The standard way to evaluate a language model, put it on a benchmark, record a score, and ship it, breaks down completely when the model is an agent operating over dozens of sequential steps in a live environment. Cameron R. Wolfe, writing on his Substack, published a detailed guide to agent evaluation that makes the structural problem clear: the eval tooling available to most teams was designed for a fundamentally different kind of system.
The gap is not academic. Agents deployed in production coding environments or clinical decision support tools are making sequences of decisions where a single wrong step can compound into a catastrophic outcome. A benchmark score from a static multiple-choice task does not tell you how a system behaves when it must plan across a ten-step tool-calling chain, encounter unexpected inputs midway through, and recover without human intervention.
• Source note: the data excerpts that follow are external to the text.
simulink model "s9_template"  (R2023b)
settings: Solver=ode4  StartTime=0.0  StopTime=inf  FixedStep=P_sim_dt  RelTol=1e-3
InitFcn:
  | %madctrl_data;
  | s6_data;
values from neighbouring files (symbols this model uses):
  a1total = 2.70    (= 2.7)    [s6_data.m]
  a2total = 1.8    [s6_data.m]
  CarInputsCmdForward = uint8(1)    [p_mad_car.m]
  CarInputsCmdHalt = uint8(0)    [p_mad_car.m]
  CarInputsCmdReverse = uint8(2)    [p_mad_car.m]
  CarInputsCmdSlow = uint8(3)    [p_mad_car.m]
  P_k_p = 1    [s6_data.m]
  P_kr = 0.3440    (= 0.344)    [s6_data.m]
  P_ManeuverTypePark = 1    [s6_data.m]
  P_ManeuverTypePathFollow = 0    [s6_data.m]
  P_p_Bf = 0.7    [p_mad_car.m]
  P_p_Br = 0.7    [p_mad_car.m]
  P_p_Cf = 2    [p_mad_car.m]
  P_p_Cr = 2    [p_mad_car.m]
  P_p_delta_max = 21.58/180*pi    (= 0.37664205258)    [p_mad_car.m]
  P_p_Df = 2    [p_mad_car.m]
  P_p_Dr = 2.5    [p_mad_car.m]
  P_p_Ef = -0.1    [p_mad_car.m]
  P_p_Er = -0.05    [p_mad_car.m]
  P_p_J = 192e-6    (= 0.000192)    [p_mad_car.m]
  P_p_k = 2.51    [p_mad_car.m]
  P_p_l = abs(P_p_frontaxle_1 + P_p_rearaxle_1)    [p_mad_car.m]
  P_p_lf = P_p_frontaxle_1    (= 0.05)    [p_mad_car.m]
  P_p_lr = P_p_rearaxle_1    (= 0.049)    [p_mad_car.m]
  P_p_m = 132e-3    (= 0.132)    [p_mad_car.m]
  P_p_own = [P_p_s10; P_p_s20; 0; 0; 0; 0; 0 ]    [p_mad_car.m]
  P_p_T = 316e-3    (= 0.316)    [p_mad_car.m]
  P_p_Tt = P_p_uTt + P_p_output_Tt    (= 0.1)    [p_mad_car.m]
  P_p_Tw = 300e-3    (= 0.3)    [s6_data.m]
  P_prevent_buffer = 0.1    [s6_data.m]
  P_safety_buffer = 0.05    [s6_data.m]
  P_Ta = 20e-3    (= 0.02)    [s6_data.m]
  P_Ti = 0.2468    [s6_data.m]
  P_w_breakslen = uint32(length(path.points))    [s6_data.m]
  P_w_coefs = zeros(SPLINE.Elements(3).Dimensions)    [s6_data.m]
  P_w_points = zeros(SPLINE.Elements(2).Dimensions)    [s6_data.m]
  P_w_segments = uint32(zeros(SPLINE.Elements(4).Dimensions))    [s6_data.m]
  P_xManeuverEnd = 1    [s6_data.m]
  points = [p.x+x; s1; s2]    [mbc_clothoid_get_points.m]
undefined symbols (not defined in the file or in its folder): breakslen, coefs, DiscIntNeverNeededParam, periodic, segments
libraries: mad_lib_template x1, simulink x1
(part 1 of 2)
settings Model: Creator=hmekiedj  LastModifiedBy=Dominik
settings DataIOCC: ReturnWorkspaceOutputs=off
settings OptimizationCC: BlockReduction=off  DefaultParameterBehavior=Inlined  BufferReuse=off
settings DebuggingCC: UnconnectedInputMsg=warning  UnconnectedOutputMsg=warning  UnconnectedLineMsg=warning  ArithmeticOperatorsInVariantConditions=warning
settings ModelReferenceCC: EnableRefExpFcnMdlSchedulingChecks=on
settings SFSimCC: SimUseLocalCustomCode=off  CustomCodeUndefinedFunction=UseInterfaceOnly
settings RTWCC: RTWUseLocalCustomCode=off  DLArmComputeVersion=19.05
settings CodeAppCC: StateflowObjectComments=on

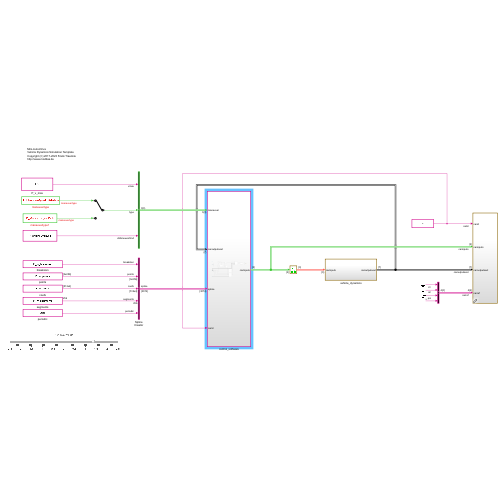
[thumbnail: Simulink's stored preview of the top-level diagram]
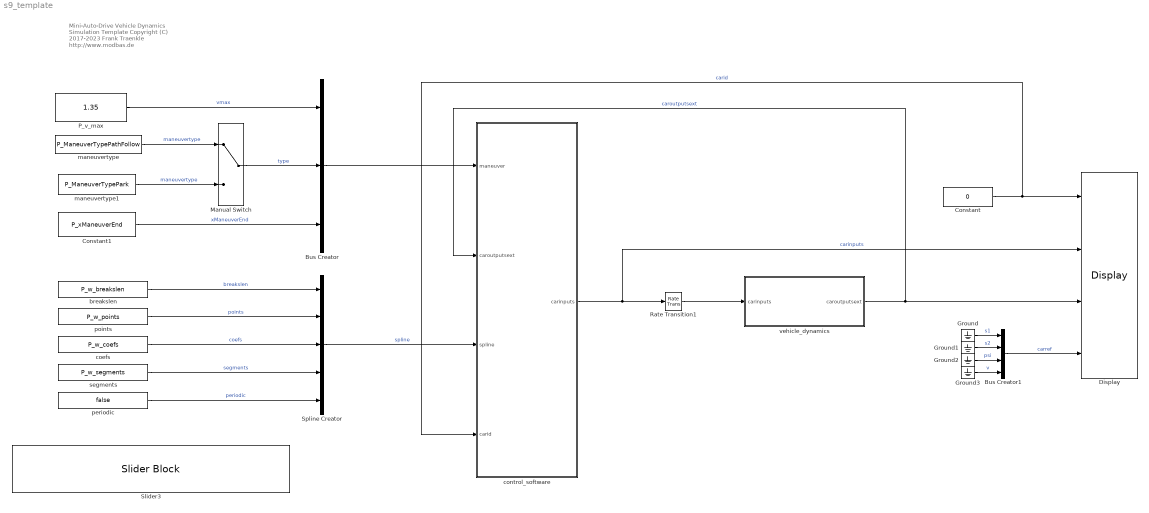
== system s9_template ==
  note: Mini-Auto-Drive
      | Vehicle Dynamics Simulation Template
      | Copyright (C) 2017-2023 Frank Traenkle
      | http://www.modbas.de
  Bus Creator : BusCreator  Inputs=3
  Bus Creator1 : BusCreator  Inputs=4
  Constant : Constant  Value=0
  Constant1 : Constant  Value=P_xManeuverEnd
  Display : mad_lib_template/Display  SystemSampleTime=-1  VariantActivationTime=update diagram  AllowFlexibleInterface=on  Latency=0  AutoFrameSizeCalculation=off
  Ground{,1..3} (4 alike) : Ground
  Manual Switch : ManualSwitch
  P_v_max : Constant  Value=1.35
  Rate Transition1 : RateTransition
  Slider3 : SliderBlock  ScaleMin=-2.50  ScaleMax=2.50  TickInterval=0.5
  Spline Creator : BusCreator  Inputs=breakslen,points,coefs,segments,periodic  OutDataTypeStr=Bus: SPLINE
  breakslen : Constant  Value=P_w_breakslen
  coefs : Constant  Value=P_w_coefs
  control_software : Subsystem  TreatAsAtomicUnit=on  SystemSampleTime=P_Ta
  maneuvertype : Constant  Value=P_ManeuverTypePathFollow  SampleTime=-1
  maneuvertype1 : Constant  Value=P_ManeuverTypePark  SampleTime=-1
  periodic : Constant  Value=false
  points : Constant  Value=P_w_points
  segments : Constant  Value=P_w_segments
  vehicle_dynamics : Subsystem
  wires:
  Bus Creator1/1 -> Display/4  "carref"
  Ground/1 -> Bus Creator1/1  "s1"
  Ground1/1 -> Bus Creator1/2  "s2"
  Ground2/1 -> Bus Creator1/3  "psi"
  Ground3/1 -> Bus Creator1/4  "v"
  vehicle_dynamics/1(caroutputsext) -> control_software/2(caroutputsext), Display/3  "caroutputsext"
  Rate Transition1/1 -> vehicle_dynamics/1(carinputs)
  control_software/1(carinputs) -> Display/2, Rate Transition1/1  "carinputs"
  Bus Creator/1 -> control_software/1(maneuver)
  P_v_max/1 -> Bus Creator/1  "vmax"
  Manual Switch/1 -> Bus Creator/2  "type"
  maneuvertype/1 -> Manual Switch/1  "maneuvertype"
  maneuvertype1/1 -> Manual Switch/2  "maneuvertype"
  Constant1/1 -> Bus Creator/3  "xManeuverEnd"
  periodic/1 -> Spline Creator/5  "periodic"
  coefs/1 -> Spline Creator/3  "coefs"
  points/1 -> Spline Creator/2  "points"
  breakslen/1 -> Spline Creator/1  "breakslen"
  segments/1 -> Spline Creator/4  "segments"
  Spline Creator/1 -> control_software/3(spline)  "spline"
  Constant/1 -> Display/1, control_software/4(carid)  "carid"

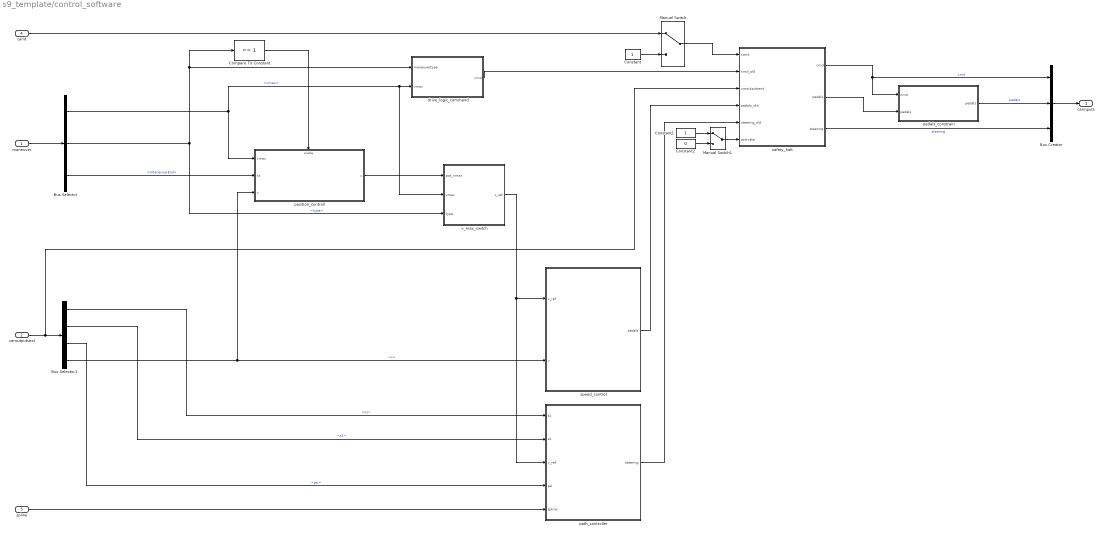
== system s9_template/control_software ==
  maneuver : Inport
  caroutputsext : Inport  Port=2
  spline : Inport  Port=3
  carid : Inport  Port=4
  Bus Creator : BusCreator  Inputs=3
  Bus Selector : BusSelector  OutputSignals=vmax,type,xManeuverEnd
  Bus Selector1 : BusSelector  OutputSignals=s1,s2,psi,v
  Compare To Constant : simulink/Logic and Bit Operations/Compare To Constant  relop===  const=1  OutDataTypeStr=boolean
  Constant : Constant
  Constant1 : Constant
  Constant2 : Constant  Value=0
  Manual Switch : ManualSwitch
  Manual Switch1 : ManualSwitch
  drive_logic_command : MATLAB Function  TreatAsAtomicUnit=on
  path_controller : Subsystem
  pedals_constrain : MATLAB Function  TreatAsAtomicUnit=on
  position_controll : Subsystem  TreatAsAtomicUnit=on
  safety_halt : MATLAB Function  TreatAsAtomicUnit=on
  speed_control : Subsystem
  v_max_switch : MATLAB Function  TreatAsAtomicUnit=on
  carinputs : Outport
  wires:
  caroutputsext/1 -> safety_halt/3(caroutputsext), Bus Selector1/1
  position_controll/1(u) -> v_max_switch/1(pos_vmax)
  maneuver/1 -> Bus Selector/1
  Bus Selector/1 -> position_controll/1(vmax), v_max_switch/2(vmax), drive_logic_command/2(vmax)  "<vmax>"
  Bus Selector/2 -> v_max_switch/3(type), Compare To Constant/1, drive_logic_command/1(maneuvertype)  "<type>"
  Compare To Constant/1 -> position_controll/Enable
  Bus Creator/1 -> carinputs/1
  Bus Selector/3 -> position_controll/2(xs)  "<xManeuverEnd>"
  drive_logic_command/1(cmd) -> safety_halt/2(cmd_old)
  path_controller/1(steering) -> safety_halt/5(steering_old)
  spline/1 -> path_controller/5(spline)
  safety_halt/1(cmd) -> pedals_constrain/1(cmd), Bus Creator/1  "cmd"
  carid/1 -> Manual Switch/1
  Bus Selector1/1 -> path_controller/1(s1)  "<s1>"
  Bus Selector1/2 -> path_controller/2(s2)  "<s2>"
  Bus Selector1/3 -> path_controller/4(psi)  "<psi>"
  Bus Selector1/4 -> position_controll/3(v), speed_control/2(v)  "<v>"
  Constant/1 -> Manual Switch/2
  Manual Switch/1 -> safety_halt/1(carid)
  v_max_switch/1(v_ref) -> path_controller/3(v_ref), speed_control/1(v_ref)
  speed_control/1(pedals) -> safety_halt/4(pedals_old)
  pedals_constrain/1(pedals) -> Bus Creator/2  "pedals"
  safety_halt/3(steering) -> Bus Creator/3  "steering"
  safety_halt/2(pedals) -> pedals_constrain/2("pedals ")
  Constant1/1 -> Manual Switch1/1
  Constant2/1 -> Manual Switch1/2
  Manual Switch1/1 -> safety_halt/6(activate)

The field is responding slowly. Most evaluation frameworks still measure final-answer accuracy or task completion rate on isolated prompts. When the same logic is applied to an agent, the harness fails to capture intermediate failures, recovery behavior, or cascading errors. A system that scores 87 percent on a static coding benchmark may fail on 40 percent of multi-step refactor tasks where context accumulates across tool calls. Those numbers come from informal internal comparisons across teams, not from any published study, but the pattern is consistent enough that practitioners cite it openly.
What rigorous agent evaluation actually requires is distinct from what most teams are building. Wolfe’s framework points toward realistic harnesses: environments that simulate the noise and variability of production conditions, not cleaned-up academic datasets. These harnesses need to observe intermediate steps, not just terminal outputs. They need to measure reliability across long time horizons rather than single-turn performance. And they need to be outcome-oriented: did the agent accomplish the goal correctly, not just generate a plausible-looking output?
The comparison to software testing is useful here. Unit tests measure isolated components; integration tests measure how components interact under load. The industry spent fifteen years building the infrastructure to run reliable integration tests at scale. Agent evaluation is at the unit-test stage, except the stakes are closer to a production system than a hello-world function. The lack of a shared evaluation standard is not a philosophical problem; it is a product risk that is already materializing in agent deployments where teams do not discover failures until a customer reports one.
Two factors are making this more urgent now. First, the deployment of agents in high-stakes domains, specifically autonomous coding assistants and medical reasoning tools, is moving faster than the evaluation tooling. Second, agent capability is improving at a rate that makes last quarter’s eval framework irrelevant. A harness designed for a three-step agent running in a sandboxed environment does not generalize to a thirty-step agent with file system access and external API calls.
For builders shipping agent products today, the practical consequence is straightforward. If your evaluation pipeline does not include a realistic multi-step harness that observes intermediate state and measures recovery from mid-task failures, you are flying without instruments. Adding that harness before your next major release is not a research project; it is a quality gate that your customers are already expecting you to have.
This article draws on analysis published by Cameron R. Wolfe, Ph.D. on Cameron R. Wolfe’s Substack; the piece is undated.